The cost to GFI of acquiring the licence (through the acquisition of NewCo) is NZD$1 million, which will be satisfied through the issue of new GFI shares.
The non-binding term sheet with Cannvalate also considers a separate but related transaction – that GFI will enter into a binding contract with Melbourne-based contract research organisation, iNGENu (a wholly owned subsidiary of Cannvalate).
iNGENu will assist GFI Pharma with the phase 2, schedule 3 clinical trial of the Investigational Medicinal Product (through the acquisition of NewCo) for anxiety.
The trial design has an additional arm to the trial which means that if clinical trials are successful and end points are met, GFI may also look to use the data to seek product approvals and registrations with the FDA, Medsafe in New Zealand, or other regulatory bodies.
The binding contract will be subject to acceptance of the clinical trial protocols by the TGA in Australia and to all other shareholder and regulatory approvals.
"It’s important that companies like GFI get behind clinical testing of cannabinoid medicines. It’s because of actual clinical data that doctors have the confidence to prescribe a medicine for a certain indication and knowing that the patient will get the required outcome,” Casey said.

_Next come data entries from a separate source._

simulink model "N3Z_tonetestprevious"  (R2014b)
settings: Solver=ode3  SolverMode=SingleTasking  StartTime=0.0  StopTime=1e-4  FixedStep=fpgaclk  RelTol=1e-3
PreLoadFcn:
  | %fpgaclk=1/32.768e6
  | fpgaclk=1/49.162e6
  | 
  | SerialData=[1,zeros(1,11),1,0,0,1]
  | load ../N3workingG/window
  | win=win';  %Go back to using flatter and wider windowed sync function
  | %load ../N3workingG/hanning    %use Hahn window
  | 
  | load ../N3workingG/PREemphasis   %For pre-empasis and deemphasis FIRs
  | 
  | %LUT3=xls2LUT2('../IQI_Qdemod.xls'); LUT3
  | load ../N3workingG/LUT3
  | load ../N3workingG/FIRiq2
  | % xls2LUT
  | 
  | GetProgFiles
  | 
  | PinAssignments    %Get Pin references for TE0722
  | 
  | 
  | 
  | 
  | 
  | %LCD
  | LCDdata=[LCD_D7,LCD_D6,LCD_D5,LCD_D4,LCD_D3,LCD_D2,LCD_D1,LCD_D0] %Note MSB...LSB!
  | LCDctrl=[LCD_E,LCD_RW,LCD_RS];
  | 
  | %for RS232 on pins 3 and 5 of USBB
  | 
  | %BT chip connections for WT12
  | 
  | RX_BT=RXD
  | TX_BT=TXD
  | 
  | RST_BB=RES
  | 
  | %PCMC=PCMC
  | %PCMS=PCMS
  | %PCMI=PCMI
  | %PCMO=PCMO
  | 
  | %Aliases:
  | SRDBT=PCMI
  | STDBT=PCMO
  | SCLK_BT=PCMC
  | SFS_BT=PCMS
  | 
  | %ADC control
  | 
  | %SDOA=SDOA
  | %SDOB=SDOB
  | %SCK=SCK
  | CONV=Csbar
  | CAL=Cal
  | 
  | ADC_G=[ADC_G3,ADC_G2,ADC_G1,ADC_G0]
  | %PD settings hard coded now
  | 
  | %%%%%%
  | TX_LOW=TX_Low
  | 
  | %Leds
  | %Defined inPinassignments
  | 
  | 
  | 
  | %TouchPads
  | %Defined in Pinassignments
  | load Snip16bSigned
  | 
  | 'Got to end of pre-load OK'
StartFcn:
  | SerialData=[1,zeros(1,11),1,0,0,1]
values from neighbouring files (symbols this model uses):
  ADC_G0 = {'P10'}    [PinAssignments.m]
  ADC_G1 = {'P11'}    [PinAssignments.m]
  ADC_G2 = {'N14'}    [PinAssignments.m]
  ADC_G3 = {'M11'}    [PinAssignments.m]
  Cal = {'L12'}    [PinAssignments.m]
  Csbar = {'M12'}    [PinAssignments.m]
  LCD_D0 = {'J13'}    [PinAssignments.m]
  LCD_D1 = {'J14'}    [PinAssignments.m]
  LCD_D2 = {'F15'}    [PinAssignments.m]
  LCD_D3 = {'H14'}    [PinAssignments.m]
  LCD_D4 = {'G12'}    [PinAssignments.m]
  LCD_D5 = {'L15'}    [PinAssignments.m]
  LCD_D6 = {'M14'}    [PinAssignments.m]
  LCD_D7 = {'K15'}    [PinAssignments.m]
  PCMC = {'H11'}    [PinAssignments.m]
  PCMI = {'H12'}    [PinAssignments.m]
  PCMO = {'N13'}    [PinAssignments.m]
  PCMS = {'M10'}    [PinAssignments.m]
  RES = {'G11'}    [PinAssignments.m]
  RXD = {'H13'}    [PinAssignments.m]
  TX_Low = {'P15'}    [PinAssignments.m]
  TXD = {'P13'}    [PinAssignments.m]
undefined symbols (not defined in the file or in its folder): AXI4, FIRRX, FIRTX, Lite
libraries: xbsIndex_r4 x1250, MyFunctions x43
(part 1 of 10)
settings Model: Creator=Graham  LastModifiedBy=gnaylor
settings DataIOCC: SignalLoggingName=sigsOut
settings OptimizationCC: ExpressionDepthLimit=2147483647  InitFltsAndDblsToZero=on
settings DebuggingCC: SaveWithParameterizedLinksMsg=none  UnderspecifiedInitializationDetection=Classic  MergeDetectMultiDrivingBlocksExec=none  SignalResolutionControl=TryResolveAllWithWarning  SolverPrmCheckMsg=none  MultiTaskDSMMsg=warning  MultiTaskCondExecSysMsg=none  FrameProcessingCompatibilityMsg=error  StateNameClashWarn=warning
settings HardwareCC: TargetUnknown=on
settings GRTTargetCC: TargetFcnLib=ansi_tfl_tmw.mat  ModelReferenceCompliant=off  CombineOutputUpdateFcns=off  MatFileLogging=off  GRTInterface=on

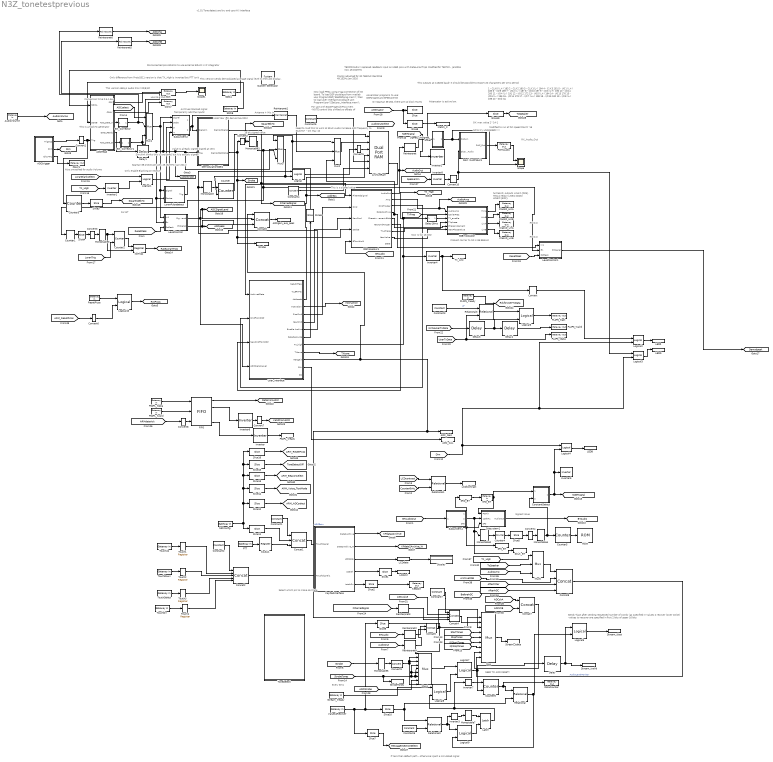
== system N3Z_tonetestprevious ==
  note: If zero then default path - otherwise inject a simulated signal
  note: Every 8ms
  note: Disconnected pico BRAMs to use external BRAM in IP integrator
  note: NEED TO ADD RESET!!
  note: Sends Tlast after sending requested number of words (as specified in Values 2 recover lower 16 bit)
      | -values to recover are specified in first 2 bits of upper 16 bits
  note: Also smoothed for audio Volume
  note: Modified to run at full speed March '16
  note: v1.01 Tone detect and try and use AXI interface
  note: OK max value 2^14-1
  note: This outputs at 115200 baud! It should be possible to export 20 characters per 2ms period
  note: 1 - CLK0 (L+)	183	2 - CLK2	180
      | 3 - CLK1(L-)	184	4 - CLK3	181
      | 5 - I/O1 (L+)	185	6 - I/O9	189
      | 7 - I/O2 (L-)	187	8 - I/O10	197
      | 9 - I/O3 (L+)	190	10 - I/O11	200
      | 11 - I/O4 (L-)	191	12 - I/O12	172
      | 13 - I/O5 (L+)	194	14 - I/O13	176
      | 15 - I/O6 (L-)	196	16 - I/O14	178
      | 17 - I/O7 (L+)	198	18 - I/O15	182
      | 19 - I/O8 (L-)	199	20 - Gnd	NA
  note: This is a 512kHz generator
  note: use 24.6 MHz
  note: Spartan 3E prototype uses 49.152MHz (Jan 2011)
  note: Conversion time 0.5-1.6us
  note: RX_Audio_Out
  note: RF Out
  note: Antenna + Mic In
  note: Now load FPGA using J-tag connection
      | of N3 board.
      | To load DSP picoblaze from matlab use:
      | ProgramDSP('S3eDSPprog.mem');
      | then to load user interface picoblaze use:
      | ProgramUser('S3eUser_interface.mem');
  note: Assembler programs to use:
      | DSPprogN3 and
      | SP3eUserN3
  note: Value is already signed biased at zero
  note: This is a signed value
  note: For use with BootProgMultiPico.mem
      | -NOTE control bits shifted so offsets of
  note: Need to mod this to work at 8kHz Audio
      | Increase ADC frequency to 512kHz? - OK May 10
  note: Closest carrier to N2 is 86.956kHz
  note: 18 bit signed value
  note: Simulink thinks this is unsigned, but it is actualy signed
  note: Clocks adjusted for 32.768MHz Dec2015
      | 49.152Mz Jan 2016
  note: Select which pin to make oscillate
  note: %ClassD_outputs
      | LINA={D25}
      | HINA={B24}
      | LINB={D23}
      | HINB={B22}
  note: RF Out
  note: On Spartan 3E 250, there are 12 block RAMs
  note: NOW try UNSIGNED!!!!!
  note: Temporarily add the inputs!
  note: Now is
      | full 16 bits!
  note: Only difference from Proto2011 version is that TX_High is inverted but PTT isn't
  note: Archives blanked signal
  note: Only enable Blanking on receive
  note: This version delays audio 2ms (20/8/12)
  note: Uses new I_Q demod Nov2012
  note: TEMPORARILY replaced readback input on USER pico with RateLoranTrips
      | Modified for TE0722 - Jan2016 now 49.152MHz
  note: Signed Value
  note: For BT
  note: Attenuator is active low.
  note: This version sends demodulated average signal level to the LCD display.
  " System Generator" : xbsIndex_r4/ System Generator  Tag=genX  xilinxfamily=zynq  part=xc7z010  speed=-1  package=clg225  synthesis_tool=XST  clock_wrapper=Clock Enables  directory=../SysgenOutput/TE0722/ToneDetect2  proj_type=Project Navigator  Synth_file=XST Defaults  Impl_file=ISE Defaults  testbench=off  simulink_period=fpgaclk  sysclk_period=1e9*fpgaclk  dcm_input_clock_period=100  incr_netlist=off  trim_vbits=Everywhere in SubSystem  dbl_ovrd=According to Block Masks  core_generation=According to Block Masks  run_coregen=off  deprecated_control=off  eval_field=0  block_type=sysgen
      settings: block_version=8.2.02
  ADCRead : Subsystem
  ADC_CAL : xbsIndex_r4/Gateway Out  inherit_from_input=off  hdl_port=on  rows=1  columns=1  UseAsDAC=off  DACChannel='1'  interface=None  automatic_assignment=on  address_offset=hex2dec('00')  intf_name=''  intf_description=''  timing_constraint=None  locs_specified=off  LOCs=CAL  io_standard={'LVCMOS33'}  block_type=gatewayout
      settings: block_version=VER_STRING_GOES_HERE
  ADC_Gain : xbsIndex_r4/Gateway Out  inherit_from_input=off  hdl_port=on  rows=1  columns=1  UseAsDAC=off  DACChannel='1'  interface=None  automatic_assignment=on  address_offset=hex2dec('00')  intf_name=''  intf_description=''  timing_constraint=None  locs_specified=on  LOCs=ADC_G  io_standard={'LVCMOS','LVCMOS','LVCMOS','LVCMOS'}  block_type=gatewayout
      settings: block_version=VER_STRING_GOES_HERE
  ADCgain_ave_peak : xbsIndex_r4/Gateway Out  inherit_from_input=off  hdl_port=on  rows=1  columns=1  UseAsDAC=off  DACChannel='1'  interface=AXI4-Lite  automatic_assignment=on  address_offset=hex2dec('00')  intf_name=''  intf_description=''  timing_constraint=None  locs_specified=on  LOCs=Strobe  io_standard={'LVCMOS33'}  block_type=gatewayout
      settings: block_version=VER_STRING_GOES_HERE
  ADCtrigger : Subsystem
  ArchiveRam : xbsIndex_r4/Dual Port RAM  depth=1024*2  initVector=zeros(1,4096)  distributed_mem=Block RAM  init_a=0  init_b=0  rst_a=off  rst_b=off  en_a=off  en_b=off  latency=1  write_mode_A=Read After Write  write_mode_B=Read After Write  optimize=Area  dbl_ovrd=off  block_type=dpram
      settings: block_version=8.2.02
  AudioVolume : xbsIndex_r4/Gateway In  gui_display_data_type=Fixed-point  arith_type=Unsigned  n_bits=9  bin_pt=0  preci_type=Single  exp_width=8  frac_width=24  rows=1  columns=1  quantization="Round  (unbiased: +/- Inf)"  overflow=Saturate  period=fpgaclk  UseAsADC=off  ADCChannel='1'  interface=AXI4-Lite  automatic_assignment=on  address_offset=hex2dec('00')  intf_name=''  intf_description=''  default_value=0  timing_constraint=None  locs_specified=off  LOCs=RS232rx  io_standard={'LVCMOS33'}  inherit_from_input=off  hdl_port=on  dbl_ovrd=off  block_type=gatewayin
      settings: block_version=VER_STRING_GOES_HERE
  Bit_Corrector : Subsystem  TreatAsAtomicUnit=on
  Bit_Corrector1 : Subsystem  TreatAsAtomicUnit=on
  CONV : xbsIndex_r4/Gateway Out  inherit_from_input=off  hdl_port=on  rows=1  columns=1  UseAsDAC=off  DACChannel='1'  interface=None  automatic_assignment=on  address_offset=hex2dec('00')  intf_name=''  intf_description=''  timing_constraint=None  locs_specified=on  LOCs=CONV  io_standard={'LVCMOS33'}  block_type=gatewayout
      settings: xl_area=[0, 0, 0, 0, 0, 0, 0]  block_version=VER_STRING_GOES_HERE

GFI will pay for the services provided to GFI Pharma by iNGENu through the issue [to iNGENu] of GFI shares with a value of NZ$3million and a cash payment of NZ$2.3million. GFI will look to utilise the Australian government research and development rebates to satisfy some of the cash component. Currently a 43.5% rebate (45c in the dollar) is given for companies undertaking clinical research in Australia.
Casey said shareholders could expect to receive an update, including material terms of the arrangements, when the commercial agreement(s) have been finalised and during the course of seeking shareholder approvals.
Darryl Davies, a director of GFI, is also a director of iNGENu, and a director and shareholder of Cannvalate.
"This is a transitional period for Greenfern as we see it mature and expand from a ‘farmer’ to ‘Pharma’ aligned company. As we align ourselves with some large international companies operating in the cannabinoid and biotechnology space, it really shows a dedication to the number of strategic decisions and work that has been going on in the background over the last 10 months since listing on the NZX main board in October 2021.
“As we continue our focus on growing the highest quality medicinal cannabis here in New Zealand in a carbon net zero environment using renewable hydro power, we also understand the growth that can be attained with a successful pivot and bigger focus into the world of biotechnology,” Casey said.